**HOW TO COMPLETE THIS TASK**
Give again, word for word, every line below from the one that has "#221=DIRECTION('',(0.,0.,1.));" through the one that has "#271=FACE_BOUND('',#270,.T.);", both included, and no others.

** Opening RECORDS SUPPLIED block **

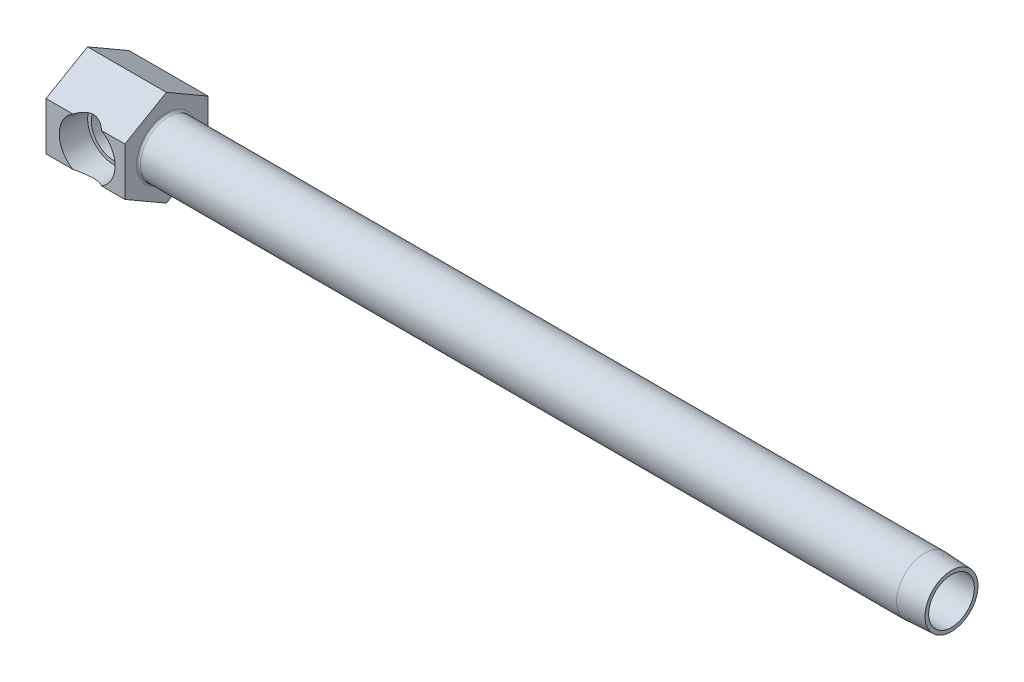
ISO-10303-21;
HEADER;
FILE_DESCRIPTION(('STEP AP214'),'2;1');
FILE_NAME('part.step','',(''),(''),'','','');
FILE_SCHEMA(('AUTOMOTIVE_DESIGN { 1 0 10303 214 1 1 1 1 }'));
ENDSEC;
DATA;
#1=APPLICATION_CONTEXT('core data for automotive mechanical design processes');
#2=APPLICATION_PROTOCOL_DEFINITION('international standard','automotive_design',2000,#1);
#3=PRODUCT_CONTEXT('',#1,'mechanical');
#4=PRODUCT('Part','Part','',(#3));
#5=PRODUCT_RELATED_PRODUCT_CATEGORY('part','',(#4));
#6=PRODUCT_DEFINITION_FORMATION('','',#4);
#7=PRODUCT_DEFINITION_CONTEXT('part definition',#1,'design');
#8=PRODUCT_DEFINITION('design','',#6,#7);
#9=PRODUCT_DEFINITION_SHAPE('','',#8);
#10=(LENGTH_UNIT() NAMED_UNIT(*) SI_UNIT(.MILLI.,.METRE.));
#11=(NAMED_UNIT(*) PLANE_ANGLE_UNIT() SI_UNIT($,.RADIAN.));
#12=(NAMED_UNIT(*) SI_UNIT($,.STERADIAN.) SOLID_ANGLE_UNIT());
#13=UNCERTAINTY_MEASURE_WITH_UNIT(LENGTH_MEASURE(1.E-05),#10,'distance_accuracy_value','');
#14=(GEOMETRIC_REPRESENTATION_CONTEXT(3) GLOBAL_UNCERTAINTY_ASSIGNED_CONTEXT((#13)) GLOBAL_UNIT_ASSIGNED_CONTEXT((#10,
#11,#12)) REPRESENTATION_CONTEXT('',''));
#15=CARTESIAN_POINT('',(0.,0.,0.));
#16=DIRECTION('',(0.,0.,1.));
#17=DIRECTION('',(1.,0.,0.));
#18=AXIS2_PLACEMENT_3D('',#15,#16,#17);
#19=CARTESIAN_POINT('',(63.5,0.,15.875));
#20=DIRECTION('',(-1.,0.,0.));
#21=DIRECTION('',(0.,0.,1.));
#22=AXIS2_PLACEMENT_3D('',#19,#20,#21);
#23=CYLINDRICAL_SURFACE('',#22,10.668);
#24=CARTESIAN_POINT('',(30.9499,0.,15.875));
#25=DIRECTION('',(1.,0.,0.));
#26=DIRECTION('',(0.,1.,0.));
#27=AXIS2_PLACEMENT_3D('',#24,#25,#26);
#28=CIRCLE('',#27,10.668);
#29=CARTESIAN_POINT('',(30.9499,10.668,15.875));
#30=VERTEX_POINT('',#29);
#31=EDGE_CURVE('E191',#30,#30,#28,.T.);
#32=ORIENTED_EDGE('',*,*,#31,.T.);
#33=EDGE_LOOP('',(#32));
#34=FACE_BOUND('',#33,.T.);
#35=CARTESIAN_POINT('',(319.8876,0.,15.875));
#36=DIRECTION('',(1.,0.,0.));
#37=DIRECTION('',(0.,0.,-1.));
#38=AXIS2_PLACEMENT_3D('',#35,#36,#37);
#39=CIRCLE('',#38,10.668);
#40=CARTESIAN_POINT('',(319.8876,0.,5.207));
#41=VERTEX_POINT('',#40);
#42=EDGE_CURVE('E256',#41,#41,#39,.T.);
#43=ORIENTED_EDGE('',*,*,#42,.F.);
#44=EDGE_LOOP('',(#43));
#45=FACE_BOUND('',#44,.T.);
#46=ADVANCED_FACE('F15',(#34,#45),#23,.T.);
#47=CARTESIAN_POINT('',(30.1625,18.3308710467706,15.875));
#48=DIRECTION('',(0.,-0.866025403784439,-0.5));
#49=DIRECTION('',(0.,0.5,-0.866025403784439));
#50=AXIS2_PLACEMENT_3D('',#47,#48,#49);
#51=PLANE('',#50);
#52=CARTESIAN_POINT('',(15.748,-1.05255916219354,49.4480859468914));
#53=DIRECTION('',(0.,-0.866025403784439,-0.5));
#54=DIRECTION('',(0.,-0.5,0.866025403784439));
#55=AXIS2_PLACEMENT_3D('',#52,#53,#54);
#56=ELLIPSE('',#55,23.191034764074,11.5476466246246);
#57=CARTESIAN_POINT('',(21.2070306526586,9.16543552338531,31.75));
#58=VERTEX_POINT('',#57);
#59=CARTESIAN_POINT('',(10.2889693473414,9.16543552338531,31.75));
#60=VERTEX_POINT('',#59);
#61=EDGE_CURVE('E135',#58,#60,#56,.F.);
#62=ORIENTED_EDGE('',*,*,#61,.F.);
#63=DIRECTION('',(-1.,0.,0.));
#64=VECTOR('',#63,1.);
#65=CARTESIAN_POINT('',(30.1625,9.16543552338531,31.75));
#66=LINE('',#65,#64);
#67=CARTESIAN_POINT('',(30.1625,9.16543552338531,31.75));
#68=VERTEX_POINT('',#67);
#69=EDGE_CURVE('E179',#68,#58,#66,.T.);
#70=ORIENTED_EDGE('',*,*,#69,.F.);
#71=DIRECTION('',(0.,-0.5,0.866025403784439));
#72=VECTOR('',#71,1.);
#73=CARTESIAN_POINT('',(30.1625,18.3308710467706,15.875));
#74=LINE('',#73,#72);
#75=CARTESIAN_POINT('',(30.1625,18.3308710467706,15.875));
#76=VERTEX_POINT('',#75);
#77=EDGE_CURVE('E163',#76,#68,#74,.T.);
#78=ORIENTED_EDGE('',*,*,#77,.F.);
#79=DIRECTION('',(-1.,0.,0.));
#80=VECTOR('',#79,1.);
#81=CARTESIAN_POINT('',(30.1625,18.3308710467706,15.875));
#82=LINE('',#81,#80);
#83=CARTESIAN_POINT('',(0.,18.3308710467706,15.875));
#84=VERTEX_POINT('',#83);
#85=EDGE_CURVE('E182',#76,#84,#82,.T.);
#86=ORIENTED_EDGE('',*,*,#85,.T.);
#87=DIRECTION('',(0.,-0.5,0.866025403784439));
#88=VECTOR('',#87,1.);
#89=CARTESIAN_POINT('',(0.,18.3308710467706,15.875));
#90=LINE('',#89,#88);
#91=CARTESIAN_POINT('',(0.,9.16543552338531,31.75));
#92=VERTEX_POINT('',#91);
#93=EDGE_CURVE('E144',#84,#92,#90,.T.);
#94=ORIENTED_EDGE('',*,*,#93,.T.);
#95=EDGE_CURVE('E178',#60,#92,#66,.T.);
#96=ORIENTED_EDGE('',*,*,#95,.F.);
#97=EDGE_LOOP('',(#62,#70,#78,#86,#94,#96));
#98=FACE_BOUND('',#97,.T.);
#99=ADVANCED_FACE('F210',(#98),#51,.F.);
#100=CARTESIAN_POINT('',(30.1625,9.16543552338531,31.75));
#101=DIRECTION('',(0.,0.,-1.));
#102=DIRECTION('',(-1.,0.,0.));
#103=AXIS2_PLACEMENT_3D('',#100,#101,#102);
#104=PLANE('',#103);
#105=CARTESIAN_POINT('',(15.748,0.,31.75));
#106=DIRECTION('',(0.,0.,-1.));
#107=DIRECTION('',(-1.,0.,0.));
#108=AXIS2_PLACEMENT_3D('',#105,#106,#107);
#109=CIRCLE('',#108,10.668);
#110=CARTESIAN_POINT('',(21.2070306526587,-9.1654355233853,31.75));
#111=VERTEX_POINT('',#110);
#112=EDGE_CURVE('E133',#58,#111,#109,.T.);
#113=ORIENTED_EDGE('',*,*,#112,.T.);
#114=DIRECTION('',(-1.,0.,0.));
#115=VECTOR('',#114,1.);
#116=CARTESIAN_POINT('',(30.1625,-9.1654355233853,31.75));
#117=LINE('',#116,#115);
#118=CARTESIAN_POINT('',(30.1625,-9.1654355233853,31.75));
#119=VERTEX_POINT('',#118);
#120=EDGE_CURVE('E175',#119,#111,#117,.T.);
#121=ORIENTED_EDGE('',*,*,#120,.F.);
#122=DIRECTION('',(0.,-1.,0.));
#123=VECTOR('',#122,1.);
#124=CARTESIAN_POINT('',(30.1625,9.16543552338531,31.75));
#125=LINE('',#124,#123);
#126=EDGE_CURVE('E165',#68,#119,#125,.T.);
#127=ORIENTED_EDGE('',*,*,#126,.F.);
#128=ORIENTED_EDGE('',*,*,#69,.T.);
#129=EDGE_LOOP('',(#113,#121,#127,#128));
#130=FACE_BOUND('',#129,.T.);
#131=ADVANCED_FACE('F206',(#130),#104,.F.);
#132=CARTESIAN_POINT('',(10.2889693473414,-9.1654355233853,31.75));
#133=VERTEX_POINT('',#132);
#134=EDGE_CURVE('E40',#133,#60,#109,.T.);
#135=ORIENTED_EDGE('',*,*,#134,.T.);
#136=ORIENTED_EDGE('',*,*,#95,.T.);
#137=DIRECTION('',(0.,-1.,0.));
#138=VECTOR('',#137,1.);
#139=CARTESIAN_POINT('',(0.,9.16543552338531,31.75));
#140=LINE('',#139,#138);
#141=CARTESIAN_POINT('',(0.,-9.1654355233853,31.75));
#142=VERTEX_POINT('',#141);
#143=EDGE_CURVE('E148',#92,#142,#140,.T.);
#144=ORIENTED_EDGE('',*,*,#143,.T.);
#145=EDGE_CURVE('E174',#133,#142,#117,.T.);
#146=ORIENTED_EDGE('',*,*,#145,.F.);
#147=EDGE_LOOP('',(#135,#136,#144,#146));
#148=FACE_BOUND('',#147,.T.);
#149=ADVANCED_FACE('F213',(#148),#104,.F.);
#150=CARTESIAN_POINT('',(30.1625,-9.1654355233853,31.75));
#151=DIRECTION('',(0.,0.866025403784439,-0.5));
#152=DIRECTION('',(0.,0.5,0.866025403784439));
#153=AXIS2_PLACEMENT_3D('',#150,#151,#152);
#154=PLANE('',#153);
#155=CARTESIAN_POINT('',(15.748,1.05255916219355,49.4480859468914));
#156=DIRECTION('',(0.,0.866025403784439,-0.5));
#157=DIRECTION('',(0.,0.5,0.866025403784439));
#158=AXIS2_PLACEMENT_3D('',#155,#156,#157);
#159=ELLIPSE('',#158,23.191034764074,11.5476466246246);
#160=EDGE_CURVE('E26',#133,#111,#159,.F.);
#161=ORIENTED_EDGE('',*,*,#160,.F.);
#162=ORIENTED_EDGE('',*,*,#145,.T.);
#163=DIRECTION('',(0.,-0.5,-0.866025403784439));
#164=VECTOR('',#163,1.);
#165=CARTESIAN_POINT('',(0.,-9.1654355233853,31.75));
#166=LINE('',#165,#164);
#167=CARTESIAN_POINT('',(0.,-18.3308710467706,15.875));
#168=VERTEX_POINT('',#167);
#169=EDGE_CURVE('E152',#142,#168,#166,.T.);
#170=ORIENTED_EDGE('',*,*,#169,.T.);
#171=DIRECTION('',(-1.,0.,0.));
#172=VECTOR('',#171,1.);
#173=CARTESIAN_POINT('',(30.1625,-18.3308710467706,15.875));
#174=LINE('',#173,#172);
#175=CARTESIAN_POINT('',(30.1625,-18.3308710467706,15.875));
#176=VERTEX_POINT('',#175);
#177=EDGE_CURVE('E169',#176,#168,#174,.T.);
#178=ORIENTED_EDGE('',*,*,#177,.F.);
#179=DIRECTION('',(0.,-0.5,-0.866025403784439));
#180=VECTOR('',#179,1.);
#181=CARTESIAN_POINT('',(30.1625,-9.1654355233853,31.75));
#182=LINE('',#181,#180);
#183=EDGE_CURVE('E167',#119,#176,#182,.T.);
#184=ORIENTED_EDGE('',*,*,#183,.F.);
#185=ORIENTED_EDGE('',*,*,#120,.T.);
#186=EDGE_LOOP('',(#161,#162,#170,#178,#184,#185));
#187=FACE_BOUND('',#186,.T.);
#188=ADVANCED_FACE('F202',(#187),#154,.F.);
#189=CARTESIAN_POINT('',(30.1625,-18.3308710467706,15.875));
#190=DIRECTION('',(0.,0.866025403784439,0.5));
#191=DIRECTION('',(0.,-0.5,0.866025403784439));
#192=AXIS2_PLACEMENT_3D('',#189,#190,#191);
#193=PLANE('',#192);
#194=DIRECTION('',(0.,0.5,-0.866025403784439));
#195=VECTOR('',#194,1.);
#196=CARTESIAN_POINT('',(0.,-18.3308710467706,15.875));
#197=LINE('',#196,#195);
#198=CARTESIAN_POINT('',(0.,-9.16543552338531,0.));
#199=VERTEX_POINT('',#198);
#200=EDGE_CURVE('E137',#168,#199,#197,.T.);
#201=ORIENTED_EDGE('',*,*,#200,.T.);
#202=DIRECTION('',(-1.,0.,0.));
#203=VECTOR('',#202,1.);
#204=CARTESIAN_POINT('',(30.1625,-9.16543552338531,0.));
#205=LINE('',#204,#203);
#206=CARTESIAN_POINT('',(30.1625,-9.16543552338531,0.));
#207=VERTEX_POINT('',#206);
#208=EDGE_CURVE('E188',#207,#199,#205,.T.);
#209=ORIENTED_EDGE('',*,*,#208,.F.);
#210=DIRECTION('',(0.,0.5,-0.866025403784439));
#211=VECTOR('',#210,1.);
#212=CARTESIAN_POINT('',(30.1625,-18.3308710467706,15.875));
#213=LINE('',#212,#211);
#214=EDGE_CURVE('E155',#176,#207,#213,.T.);
#215=ORIENTED_EDGE('',*,*,#214,.F.);
#216=ORIENTED_EDGE('',*,*,#177,.T.);
#217=EDGE_LOOP('',(#201,#209,#215,#216));
#218=FACE_BOUND('',#217,.T.);
#219=ADVANCED_FACE('F220',(#218),#193,.F.);
#220=CARTESIAN_POINT('',(30.1625,-9.16543552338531,0.));
#221=DIRECTION('',(0.,0.,1.));
#222=DIRECTION('',(0.,-1.,0.));
#223=AXIS2_PLACEMENT_3D('',#220,#221,#222);
#224=PLANE('',#223);
#225=DIRECTION('',(0.,1.,0.));
#226=VECTOR('',#225,1.);
#227=CARTESIAN_POINT('',(0.,-9.16543552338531,0.));
#228=LINE('',#227,#226);
#229=CARTESIAN_POINT('',(0.,9.16543552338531,0.));
#230=VERTEX_POINT('',#229);
#231=EDGE_CURVE('E138',#199,#230,#228,.T.);
#232=ORIENTED_EDGE('',*,*,#231,.T.);
#233=DIRECTION('',(-1.,0.,0.));
#234=VECTOR('',#233,1.);
#235=CARTESIAN_POINT('',(30.1625,9.16543552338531,0.));
#236=LINE('',#235,#234);
#237=CARTESIAN_POINT('',(30.1625,9.16543552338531,0.));
#238=VERTEX_POINT('',#237);
#239=EDGE_CURVE('E185',#238,#230,#236,.T.);
#240=ORIENTED_EDGE('',*,*,#239,.F.);
#241=DIRECTION('',(0.,1.,0.));
#242=VECTOR('',#241,1.);
#243=CARTESIAN_POINT('',(30.1625,-9.16543552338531,0.));
#244=LINE('',#243,#242);
#245=EDGE_CURVE('E159',#207,#238,#244,.T.);
#246=ORIENTED_EDGE('',*,*,#245,.F.);
#247=ORIENTED_EDGE('',*,*,#208,.T.);
#248=EDGE_LOOP('',(#232,#240,#246,#247));
#249=FACE_BOUND('',#248,.T.);
#250=ADVANCED_FACE('F227',(#249),#224,.F.);
#251=CARTESIAN_POINT('',(30.1625,9.16543552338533,0.));
#252=DIRECTION('',(0.,-0.86602540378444,0.5));
#253=DIRECTION('',(0.,-0.5,-0.86602540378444));
#254=AXIS2_PLACEMENT_3D('',#251,#252,#253);
#255=PLANE('',#254);
#256=DIRECTION('',(0.,0.5,0.86602540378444));
#257=VECTOR('',#256,1.);
#258=CARTESIAN_POINT('',(0.,9.16543552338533,0.));
#259=LINE('',#258,#257);
#260=EDGE_CURVE('E141',#230,#84,#259,.T.);
#261=ORIENTED_EDGE('',*,*,#260,.T.);
#262=ORIENTED_EDGE('',*,*,#85,.F.);
#263=DIRECTION('',(0.,0.5,0.86602540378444));
#264=VECTOR('',#263,1.);
#265=CARTESIAN_POINT('',(30.1625,9.16543552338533,0.));
#266=LINE('',#265,#264);
#267=EDGE_CURVE('E161',#238,#76,#266,.T.);
#268=ORIENTED_EDGE('',*,*,#267,.F.);
#269=ORIENTED_EDGE('',*,*,#239,.T.);
#270=EDGE_LOOP('',(#261,#262,#268,#269));
#271=FACE_BOUND('',#270,.T.);
#272=ADVANCED_FACE('F233',(#271),#255,.F.);
#273=CARTESIAN_POINT('',(30.1625,-9.16543552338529,0.));
#274=DIRECTION('',(1.,0.,0.));
#275=DIRECTION('',(0.,1.,0.));
#276=AXIS2_PLACEMENT_3D('',#273,#274,#275);
#277=PLANE('',#276);
#278=CARTESIAN_POINT('',(30.1625,0.,15.875));
#279=DIRECTION('',(1.,0.,0.));
#280=DIRECTION('',(0.,1.,0.));
#281=AXIS2_PLACEMENT_3D('',#278,#279,#280);
#282=CIRCLE('',#281,11.4554);
#283=CARTESIAN_POINT('',(30.1625,11.4554,15.875));
#284=VERTEX_POINT('',#283);
#285=EDGE_CURVE('E194',#284,#284,#282,.F.);
#286=ORIENTED_EDGE('',*,*,#285,.T.);
#287=EDGE_LOOP('',(#286));
#288=FACE_BOUND('',#287,.T.);
#289=ORIENTED_EDGE('',*,*,#214,.T.);
#290=ORIENTED_EDGE('',*,*,#245,.T.);
#291=ORIENTED_EDGE('',*,*,#267,.T.);
#292=ORIENTED_EDGE('',*,*,#77,.T.);
#293=ORIENTED_EDGE('',*,*,#126,.T.);
#294=ORIENTED_EDGE('',*,*,#183,.T.);
#295=EDGE_LOOP('',(#289,#290,#291,#292,#293,#294));
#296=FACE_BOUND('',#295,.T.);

** Closing RECORDS SUPPLIED block **

**SOLUTION TO THIS EXERCISE**
#221=DIRECTION('',(0.,0.,1.));
#222=DIRECTION('',(0.,-1.,0.));
#223=AXIS2_PLACEMENT_3D('',#220,#221,#222);
#224=PLANE('',#223);
#225=DIRECTION('',(0.,1.,0.));
#226=VECTOR('',#225,1.);
#227=CARTESIAN_POINT('',(0.,-9.16543552338531,0.));
#228=LINE('',#227,#226);
#229=CARTESIAN_POINT('',(0.,9.16543552338531,0.));
#230=VERTEX_POINT('',#229);
#231=EDGE_CURVE('E138',#199,#230,#228,.T.);
#232=ORIENTED_EDGE('',*,*,#231,.T.);
#233=DIRECTION('',(-1.,0.,0.));
#234=VECTOR('',#233,1.);
#235=CARTESIAN_POINT('',(30.1625,9.16543552338531,0.));
#236=LINE('',#235,#234);
#237=CARTESIAN_POINT('',(30.1625,9.16543552338531,0.));
#238=VERTEX_POINT('',#237);
#239=EDGE_CURVE('E185',#238,#230,#236,.T.);
#240=ORIENTED_EDGE('',*,*,#239,.F.);
#241=DIRECTION('',(0.,1.,0.));
#242=VECTOR('',#241,1.);
#243=CARTESIAN_POINT('',(30.1625,-9.16543552338531,0.));
#244=LINE('',#243,#242);
#245=EDGE_CURVE('E159',#207,#238,#244,.T.);
#246=ORIENTED_EDGE('',*,*,#245,.F.);
#247=ORIENTED_EDGE('',*,*,#208,.T.);
#248=EDGE_LOOP('',(#232,#240,#246,#247));
#249=FACE_BOUND('',#248,.T.);
#250=ADVANCED_FACE('F227',(#249),#224,.F.);
#251=CARTESIAN_POINT('',(30.1625,9.16543552338533,0.));
#252=DIRECTION('',(0.,-0.86602540378444,0.5));
#253=DIRECTION('',(0.,-0.5,-0.86602540378444));
#254=AXIS2_PLACEMENT_3D('',#251,#252,#253);
#255=PLANE('',#254);
#256=DIRECTION('',(0.,0.5,0.86602540378444));
#257=VECTOR('',#256,1.);
#258=CARTESIAN_POINT('',(0.,9.16543552338533,0.));
#259=LINE('',#258,#257);
#260=EDGE_CURVE('E141',#230,#84,#259,.T.);
#261=ORIENTED_EDGE('',*,*,#260,.T.);
#262=ORIENTED_EDGE('',*,*,#85,.F.);
#263=DIRECTION('',(0.,0.5,0.86602540378444));
#264=VECTOR('',#263,1.);
#265=CARTESIAN_POINT('',(30.1625,9.16543552338533,0.));
#266=LINE('',#265,#264);
#267=EDGE_CURVE('E161',#238,#76,#266,.T.);
#268=ORIENTED_EDGE('',*,*,#267,.F.);
#269=ORIENTED_EDGE('',*,*,#239,.T.);
#270=EDGE_LOOP('',(#261,#262,#268,#269));
#271=FACE_BOUND('',#270,.T.);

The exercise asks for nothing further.